>>>>

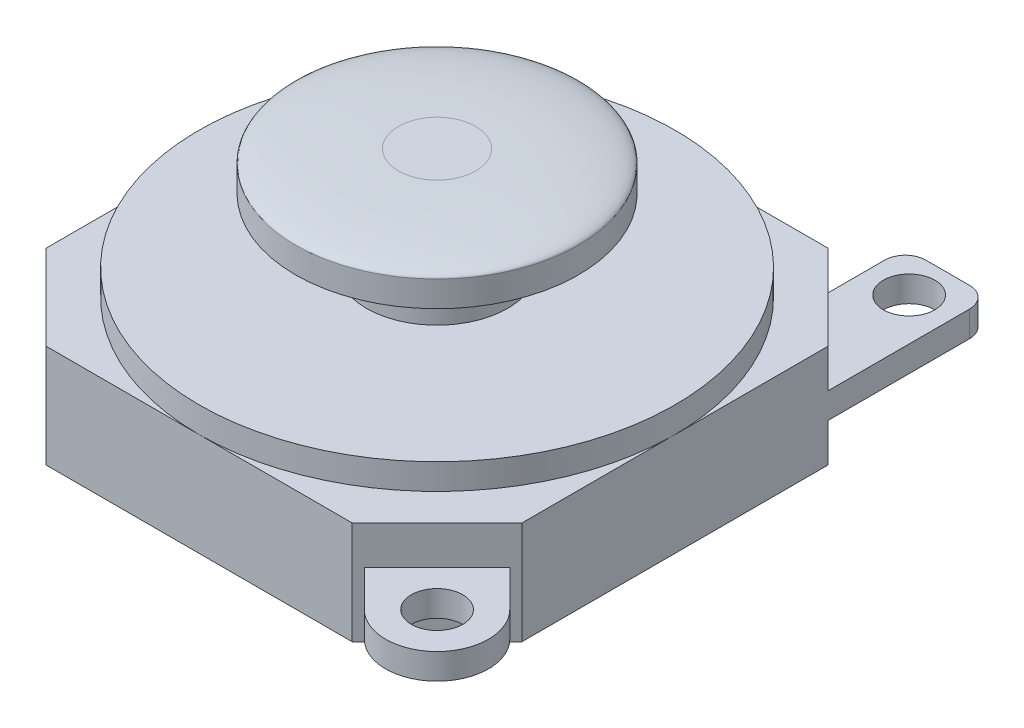
SolidWorks part; units mm, degrees
ref_plane "Front Plane" through (0, 0, 0) normal (0, 0, 1) x (1, 0, 0)
ref_plane "Top Plane" through (0, 0, 0) normal (0, 1, 0) x (1, 0, 0)
ref_plane "Right Plane" through (0, 0, 0) normal (1, 0, 0) x (0, 0, -1)
sketch "Sketch1" plane through (0, 0, 0) normal (0, 1, 0) x (1, 0, 0)
  line L0 (-5.9528, 9.25) -> (5.9528, 9.25)
  line L1 (5.9528, 9.25) -> (9.25, 5.9528)
  line L2 (9.25, 5.9528) -> (9.25, -5.9528)
  line L3 (9.25, -5.9528) -> (5.9528, -9.25)
  line L4 (5.9528, -9.25) -> (-5.9528, -9.25)
  line L5 (-5.9528, -9.25) -> (-9.25, -5.9528)
  line L6 (-9.25, -5.9528) -> (-9.25, 5.9528)
  line L7 (-9.25, 5.9528) -> (-5.9528, 9.25)
  line L8 (-9.25, 5.9528) -> (9.25, -5.9528) construction
  line L9 (9.25, 5.9528) -> (-9.25, -5.9528) construction
  point P2 (0, 0)
  dimension "D1" = 18.5
  dimension "D2" = 18.5
  dimension "D3" = 21.5
  dimension "D4" = 21.5
  dimension "D5" = 135
  dimension "D6" = 135
  dimension "D7" = 3.2972
  dimension "D8" = 3.2972
  dimension "D9" = 11.9056
  dimension "D10" = 11.9056
extrude "Boss-Extrude1" add sketch "Sketch1" along normal blind 4
sketch "Sketch2" plane through (0, 4, 0) normal (0, 1, 0) x (1, 0, 0)
  line L0 (9.25, -5.9528) -> (9.25, 5.9528) construction
  circle A0 centre (0, 0) radius 9.25
extrude "Boss-Extrude2" add sketch "Sketch2" along normal blind 1
ref_plane "Plane1" through (0, 1.5, 0) normal (0, 1, 0) x (1, 0, 0)
sketch "Sketch4" plane through (0, 1.5, 0) normal (0, 1, 0) x (1, 0, 0)
  line L0 (9.25, 5.9528) -> (9.25, 12.25)
  line L1 (5.9528, 9.25) -> (5.9528, 12.25)
  line L2 (5.9528, 12.25) -> (9.25, 12.25)
  line L3 (6.1872, -9.0156) -> (7.6014, -10.4298)
  line L4 (9.0156, -6.1872) -> (10.4298, -7.6014)
  line L5 (7.6014, -10.4298) -> (10.4298, -7.6014) construction
  line L6 (5.9528, -9.25) -> (6.1872, -9.0156) construction
  line L7 (-5.9528, -9.25) -> (5.9528, -9.25) construction
  line L9 (9.0156, -6.1872) -> (9.25, -5.9528) construction
  line L11 (5.9528, 9.25) -> (9.25, 9.25) construction
  line L12 (9.25, 9.25) -> (5.9528, 12.25) construction
  line L13 (9.25, 12.25) -> (5.9528, 9.25) construction
  line L14 (5.9528, 9.25) -> (9.25, 5.9528)
  line L15 (6.1872, -9.0156) -> (9.0156, -6.1872)
  circle A0 centre (7.6014, 10.75) radius 1
  circle A1 centre (9.0156, -9.0156) radius 1
  arc A2 (7.6014, -10.4298) -> (10.4298, -7.6014) centre (9.0156, -9.0156) ccw
  point P13 (10.4298, -10.4298)
  dimension "D4" = 2
  dimension "D5" = 2
  dimension "D1" = 4
  dimension "D3" = 21.5
  dimension "D6" = 4
extrude "Boss-Extrude3" add sketch "Sketch4" along normal blind 1
sketch "Sketch5" plane through (0, 5, 0) normal (0, 1, 0) x (1, 0, 0)
  circle A0 centre (0, 0) radius 2.75
  dimension "D1" = 5.5
extrude "Boss-Extrude4" add sketch "Sketch5" along normal blind 2.5
sketch "Sketch6" plane through (0, 7.5, 0) normal (0, 1, 0) x (1, 0, 0)
  circle A0 centre (0, 0) radius 5.5
  dimension "D1" = 11
extrude "Boss-Extrude5" add sketch "Sketch6" along normal blind 1.5
fillet "Fillet1" radius 0.5 1 edges at (0, 9, 5.5) second distance 4 first distance on face at (0, 9, 5.5)
fillet "Fillet2" radius 0.8 2 edges at (9.25, 2, -12.25) (5.9528, 2, -12.25)
sketch "Sketch7" plane through (0, 0, 0) normal (0, -1, 0) x (1, 0, 0)
  line L0 (-9.25, -5.9528) -> (-9.25, 5.9528) construction
  line L1 (-3.75, 8.75) -> (-2.25, 8.75)
  line L2 (-3.75, 8.75) -> (-3.75, 5.25)
  line L3 (-3.75, 5.25) -> (-2.25, 5.25)
  line L4 (-2.25, 8.75) -> (-2.25, 5.25)
  line L5 (-5.9528, 9.25) -> (5.9528, 9.25) construction
  line L6 (-1.75, 8.75) -> (-0.25, 8.75)
  line L7 (-1.75, 8.75) -> (-1.75, 5.25)
  line L8 (-1.75, 5.25) -> (-0.25, 5.25)
  line L9 (-0.25, 8.75) -> (-0.25, 5.25)
  line L10 (0.25, 8.75) -> (1.75, 8.75)
  line L11 (0.25, 8.75) -> (0.25, 5.25)
  line L12 (0.25, 5.25) -> (1.75, 5.25)
  line L13 (1.75, 8.75) -> (1.75, 5.25)
  line L14 (2.25, 8.75) -> (3.75, 8.75)
  line L15 (2.25, 8.75) -> (2.25, 5.25)
  line L16 (2.25, 5.25) -> (3.75, 5.25)
  line L17 (3.75, 8.75) -> (3.75, 5.25)
  line L19 (9.25, 5.9528) -> (9.25, -5.9528) construction
  dimension "D1" = 5.5
  dimension "D2" = 0.5
  dimension "D3" = 3.5
  dimension "D4" = 7
  dimension "D6" = 5.5
  dimension "D7" = 7.5
  dimension "D8" = 1.5
  dimension "D9" = 0.5
  dimension "D5" = 4
extrude "Boss-Extrude6" add sketch "Sketch7" along normal blind 0.1

<<<<

■ What the exercise asks
From the data above, gather every line that includes the word "radius".

■ Solution
  circle A0 centre (0, 0) radius 9.25
  circle A0 centre (7.6014, 10.75) radius 1
  circle A1 centre (9.0156, -9.0156) radius 1
  circle A0 centre (0, 0) radius 2.75
  circle A0 centre (0, 0) radius 5.5
fillet "Fillet1" radius 0.5 1 edges at (0, 9, 5.5) second distance 4 first distance on face at (0, 9, 5.5)
fillet "Fillet2" radius 0.8 2 edges at (9.25, 2, -12.25) (5.9528, 2, -12.25)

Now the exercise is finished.